In general, you get what you pay for. A 300 Dollar kit will require a bit of tinkering until you get reliable results; Though you can take a Printrbot and print the parts for a Reprap Prusa for example and re-use  a lot of the parts...

I am glad that I started with the UP as it nearly removed all the technical aspects and printed good from the start.

Innovation will never stop, and who knows what will be in 6 or 12 years.

Fact is, that 3d printing works well already.
The biggest limitation these days is the physical limits of exrtrusion printers, and finding new materials.
Resin printers promise high resolution prints, but of course every type of printer has it's flaws and benefits, especially when it comes to the materials.

----------


## Rainday21

I agree with Marcus.  The prices are going to continue to hover in the $750-$1500 range for the near future.  The printers however will become better and easier to use.  If you want to hold out, don't do it because of the price.  Do it because of the quality.

Randy

----------


## LambdaFF

This is the same discussion as computers, phones, ... 
My parents bought a computer in the early 90s. It ran Windows 3.11 . I can't thank them enough for it. I'll do my kids a favor and do the same.

----------


## MysteryAlabaster

I bought a Makerbot Replicator two, and was a bit disappointed when they announced the Replicator a month later.

I still think it was worth it though.

----------


## AbracadabraMan

> I bought a Makerbot Replicator two, and was a bit disappointed when they announced the Replicator a month later.
> 
> I still think it was worth it though.


From everything I hear, the Replicator 2 is just as good as the new one.  The new one just has some added features like the video recording and the special extruder.

----------


## MysteryAlabaster

> The new one just has some added features like the video recording and the special extruder.



Don't remind me...
 :Frown: 

#technophile

----------


## Geoff

> This is a question that my buddies and I have been discussing.  Is it really worth spending hundreds or even thousands of dollars for a 3D printer now, when probably in 1-2 years from now we will be able to purchase hardware that is 3 times better for 1/2 the price?  I know technology is always improving, but it seems like for what you get now, it's not really worth the money.  However in 1-2 years you will be able to get a fine tuned awesome piece of equipment for probably a few hundred dollars.
> 
> What's your thoughts?
> 
> Jacoby


post thread on 3D printing site and ask if you should by a 3d printer....

No, they are terrible, worst things ever invented...  :Stick Out Tongue:

----------


## MysteryAlabaster

> post thread on 3D printing site and ask if you should by a 3d printer....
> 
> No, they are terrible, worst things ever invented...



I don't even know why I bought one anymore...

Can I get my money back?

----------


## Newbie101

> I don't even know why I bought one anymore...
> 
> Can I get my money back?


LOL.  I think MakerBot will make improvements on their printers for the next generation.  I believe they sort of rushed the 5th gen to market before they could fully make sure everything would run smoothly.

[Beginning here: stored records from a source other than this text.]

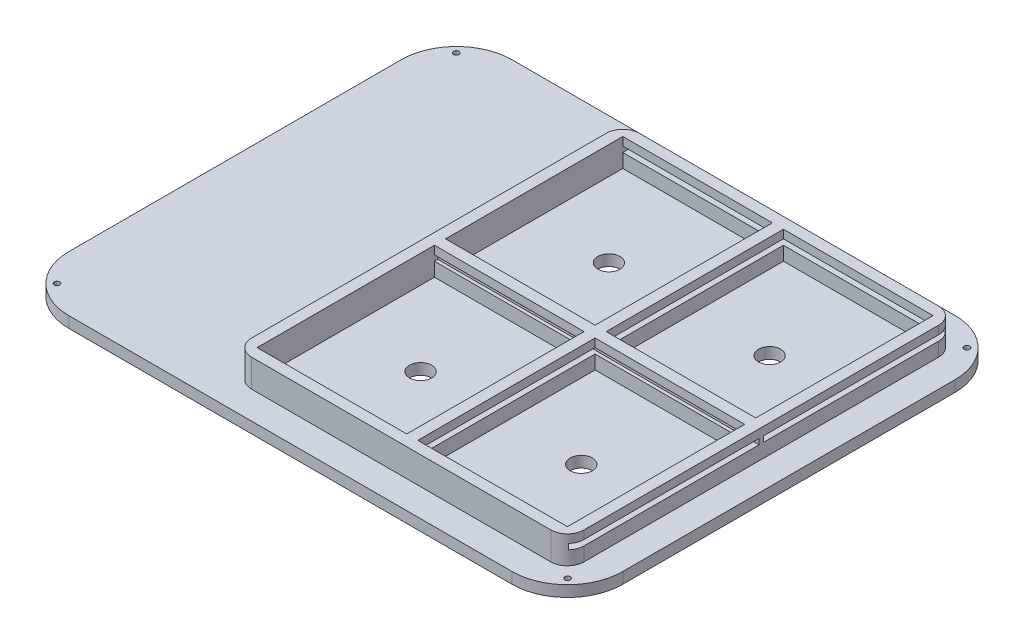
SolidWorks part; units mm, degrees
ref_plane "Front Plane" through (0, 0, 0) normal (0, 0, 1) x (1, 0, 0)
ref_plane "Top Plane" through (0, 0, 0) normal (0, 1, 0) x (1, 0, 0)
ref_plane "Right Plane" through (0, 0, 0) normal (1, 0, 0) x (0, 0, -1)
sketch "Sketch1" plane through (0, 0, 0) normal (0, 1, 0) x (1, 0, 0)
  line L1 (0, 0) -> (127, 0)
  line L2 (0, 0) -> (0, 101.6)
  line L3 (0, 101.6) -> (127, 101.6)
  line L4 (127, 0) -> (127, 101.6)
  dimension "D1" = 127
  dimension "D2" = 101.6
extrude "Boss-Extrude1" add sketch "Sketch1" along normal blind 2.54
sketch "Sketch2" plane through (0, 2.54, 0) normal (0, 1, 0) x (1, 0, 0)
  line L0 (44.45, 95.25) -> (44.45, 6.35)
  line L1 (46.99, 92.71) -> (46.99, 52.07)
  line L2 (46.99, 8.89) -> (81.28, 8.89)
  line L3 (118.11, 8.89) -> (118.11, 49.53)
  line L4 (118.11, 92.71) -> (83.82, 92.71)
  line L5 (81.28, 49.53) -> (46.99, 49.53)
  line L6 (81.28, 52.07) -> (46.99, 52.07)
  line L7 (118.11, 52.07) -> (83.82, 52.07)
  line L10 (81.28, 92.71) -> (81.28, 52.07)
  line L13 (44.45, 6.35) -> (120.65, 6.35)
  line L14 (120.65, 6.35) -> (120.65, 95.25)
  line L15 (120.65, 95.25) -> (44.45, 95.25)
  line L16 (118.11, 49.53) -> (83.82, 49.53)
  line L17 (83.82, 92.71) -> (83.82, 52.07)
  line L18 (81.28, 92.71) -> (46.99, 92.71)
  line L19 (118.11, 92.71) -> (46.99, 92.71) construction
  line L20 (83.82, 8.89) -> (118.11, 8.89)
  line L21 (118.11, 52.07) -> (118.11, 92.71)
  line L22 (118.11, 8.89) -> (118.11, 92.71) construction
  line L23 (46.99, 8.89) -> (118.11, 8.89) construction
  line L24 (81.28, 49.53) -> (81.28, 8.89)
  line L25 (46.99, 49.53) -> (46.99, 8.89)
  line L26 (46.99, 92.71) -> (46.99, 8.89) construction
  line L27 (83.82, 49.53) -> (83.82, 8.89)
  line L28 (0, 101.6) -> (0, 0) construction
  dimension "D2" = 44.45
  dimension "D1" = 2.54
  dimension "D3" = 76.2
extrude "Boss-Extrude2" add sketch "Sketch2" along normal blind 6.35
sketch "Sketch3" plane through (0, 2.54, 0) normal (0, 1, 0) x (1, 0, 0)
  line L0 (64.135, 92.71) -> (64.135, 52.07) construction
  line L3 (100.965, 92.71) -> (100.965, 52.07) construction
  line L4 (118.11, 92.71) -> (83.82, 92.71) construction
  line L5 (83.82, 52.07) -> (118.11, 52.07) construction
  line L6 (100.965, 8.89) -> (100.965, 49.53) construction
  line L7 (83.82, 8.89) -> (118.11, 8.89) construction
  line L8 (118.11, 49.53) -> (83.82, 49.53) construction
  line L9 (64.135, 8.89) -> (64.135, 49.53) construction
  line L10 (46.99, 8.89) -> (81.28, 8.89) construction
  line L11 (81.28, 49.53) -> (46.99, 49.53) construction
  line L12 (81.28, 92.71) -> (46.99, 92.71) construction
  line L13 (46.99, 52.07) -> (81.28, 52.07) construction
  circle A0 centre (64.135, 72.39) radius 2.54
  circle A1 centre (100.965, 72.39) radius 2.54
  circle A2 centre (64.135, 29.21) radius 2.54
  circle A4 centre (100.965, 29.21) radius 2.54
extrude "Cut-Extrude1" cut sketch "Sketch3" against normal through all
sketch "Sketch4" plane through (120.65, 0, 0) normal (1, 0, 0) x (0, 0, -1)
  line L0 (95.25, 8.89) -> (95.25, 6.982)
  line L1 (93.98, 5.715) -> (51.308, 5.715)
  line L2 (95.25, 8.89) -> (95.25, 2.54) construction
  line L3 (95.25, 6.982) -> (95.25, 5.715)
  line L4 (95.25, 5.715) -> (93.98, 5.715)
  line L5 (93.98, 5.715) -> (93.98, 6.982)
  line L6 (93.98, 6.982) -> (51.308, 6.982)
  line L7 (51.308, 6.982) -> (51.308, 5.715)
  line L8 (50.8, 8.89) -> (50.8, 2.54)
  line L9 (6.35, 8.89) -> (95.25, 8.89) construction
  line L10 (6.35, 2.54) -> (95.25, 2.54) construction
  line L11 (7.62, 5.715) -> (7.62, 6.982)
  line L12 (50.292, 6.982) -> (50.292, 5.715)
  line L13 (7.62, 5.715) -> (50.292, 5.715)
  line L14 (7.62, 6.982) -> (50.292, 6.982)
  dimension "D1" = 1.27
  dimension "D2" = 42.672
extrude "Cut-Extrude2" cut sketch "Sketch4" against normal up to surface (73.66 mm away) contours L11 L14 L12 L13 | L1 L7 L6 L5 up to face at (46.99, 5.715, -29.21)
fillet "Fillet1" radius 3.81 4 edges at (120.65, 5.715, -95.25) (120.65, 5.715, -6.35) (44.45, 5.715, -6.35) (44.45, 5.715, -95.25)
fillet "Fillet2" radius 12.7 4 edges at (127, 1.27, -101.6) (127, 1.27, 0) (0, 1.27, 0) (0, 1.27, -101.6)
sketch "Sketch5" plane through (0, 2.54, 0) normal (0, 1, 0) x (1, 0, 0)
  line L0 (0, 50.8) -> (127, 50.8) construction
  line L1 (0, 88.9) -> (0, 12.7) construction
  line L2 (127, 12.7) -> (127, 88.9) construction
  line L3 (63.5, 101.6) -> (63.5, 0) construction
  line L4 (114.3, 101.6) -> (12.7, 101.6) construction
  line L5 (12.7, 0) -> (114.3, 0) construction
  circle A0 centre (4.9632, 5.0241) radius 0.635
  circle A1 centre (122.0368, 5.0241) radius 0.635
  circle A2 centre (122.0368, 96.5759) radius 0.635
  circle A3 centre (4.9632, 96.5759) radius 0.635
extrude "Cut-Extrude3" cut sketch "Sketch5" against normal through all

Now is as good a time as any to buy a 3d printer.  You can always say you are waiting for the next generation, but there is always another one that follows.

----------


## WinceNWine

This question is like asking, "Is it worth buying a smartphone now".  It depends if you need one, want one, and if you have the money.  Like others have said, technology always improves.  There are some really good 3d printers on the market now at decent prices.  Sure there might be a better 3d printer at a lower price a available a few weeks after you buy yours, but that will always be the case with all technology.

----------


## 3ddplas

> This is a question that my buddies and I have been discussing.  Is it really worth spending hundreds or even thousands of dollars for a 3D printer now, when probably in 1-2 years from now we will be able to purchase hardware that is 3 times better for 1/2 the price?  I know technology is always improving, but it seems like for what you get now, it's not really worth the money.  However in 1-2 years you will be able to get a fine tuned awesome piece of equipment for probably a few hundred dollars.
> 
> What's your thoughts?
> 
> Jacoby


I think you are on wondering if worth to buy a 3d printer, and what it can do. If you really want it  and like it , you won't have rational thinking for worth or not.
when you have a 3d printer, you can print lots of things that you don't have , share with friends, link to more the same interest friends, take much spare time printing, and you will have a hope when sleep after wake in morning you will get a delight result models. 
when you have a 3D printer, you will step to a new world, funny ,enjoy,lots of friend, have topies talking.

don't think it worthy or not, expensive or cheap, you want it ,like it ,you will get it soon.

----------